- [Work order]: Where the line containing "[picture b1s1a: schematic" appears in the records below, begin there and write out each line exactly until the last one, and nothing more.

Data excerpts
-*-*-

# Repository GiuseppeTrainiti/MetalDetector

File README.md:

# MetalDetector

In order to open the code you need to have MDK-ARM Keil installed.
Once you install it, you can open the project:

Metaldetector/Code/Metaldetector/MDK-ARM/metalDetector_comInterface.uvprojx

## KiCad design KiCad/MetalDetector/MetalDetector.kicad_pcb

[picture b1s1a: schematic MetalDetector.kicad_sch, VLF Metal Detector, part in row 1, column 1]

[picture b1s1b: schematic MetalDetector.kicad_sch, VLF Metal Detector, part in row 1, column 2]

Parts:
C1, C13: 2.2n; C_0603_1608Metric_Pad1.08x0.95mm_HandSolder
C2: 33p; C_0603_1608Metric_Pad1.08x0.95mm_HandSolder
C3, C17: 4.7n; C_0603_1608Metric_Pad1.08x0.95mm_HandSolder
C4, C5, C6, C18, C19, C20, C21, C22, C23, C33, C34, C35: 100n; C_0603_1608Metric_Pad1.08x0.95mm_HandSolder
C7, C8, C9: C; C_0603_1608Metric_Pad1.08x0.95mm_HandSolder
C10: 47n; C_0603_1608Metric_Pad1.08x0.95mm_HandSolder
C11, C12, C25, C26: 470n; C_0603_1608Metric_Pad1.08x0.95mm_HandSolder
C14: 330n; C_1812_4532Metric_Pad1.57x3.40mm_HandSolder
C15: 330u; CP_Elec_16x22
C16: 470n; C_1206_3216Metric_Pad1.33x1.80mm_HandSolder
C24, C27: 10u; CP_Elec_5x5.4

-*-*-

- [Task response]:
[picture b1s1a: schematic MetalDetector.kicad_sch, VLF Metal Detector, part in row 1, column 1]

[picture b1s1b: schematic MetalDetector.kicad_sch, VLF Metal Detector, part in row 1, column 2]

Parts:
C1, C13: 2.2n; C_0603_1608Metric_Pad1.08x0.95mm_HandSolder
C2: 33p; C_0603_1608Metric_Pad1.08x0.95mm_HandSolder
C3, C17: 4.7n; C_0603_1608Metric_Pad1.08x0.95mm_HandSolder
C4, C5, C6, C18, C19, C20, C21, C22, C23, C33, C34, C35: 100n; C_0603_1608Metric_Pad1.08x0.95mm_HandSolder
C7, C8, C9: C; C_0603_1608Metric_Pad1.08x0.95mm_HandSolder
C10: 47n; C_0603_1608Metric_Pad1.08x0.95mm_HandSolder
C11, C12, C25, C26: 470n; C_0603_1608Metric_Pad1.08x0.95mm_HandSolder
C14: 330n; C_1812_4532Metric_Pad1.57x3.40mm_HandSolder
C15: 330u; CP_Elec_16x22
C16: 470n; C_1206_3216Metric_Pad1.33x1.80mm_HandSolder
C24, C27: 10u; CP_Elec_5x5.4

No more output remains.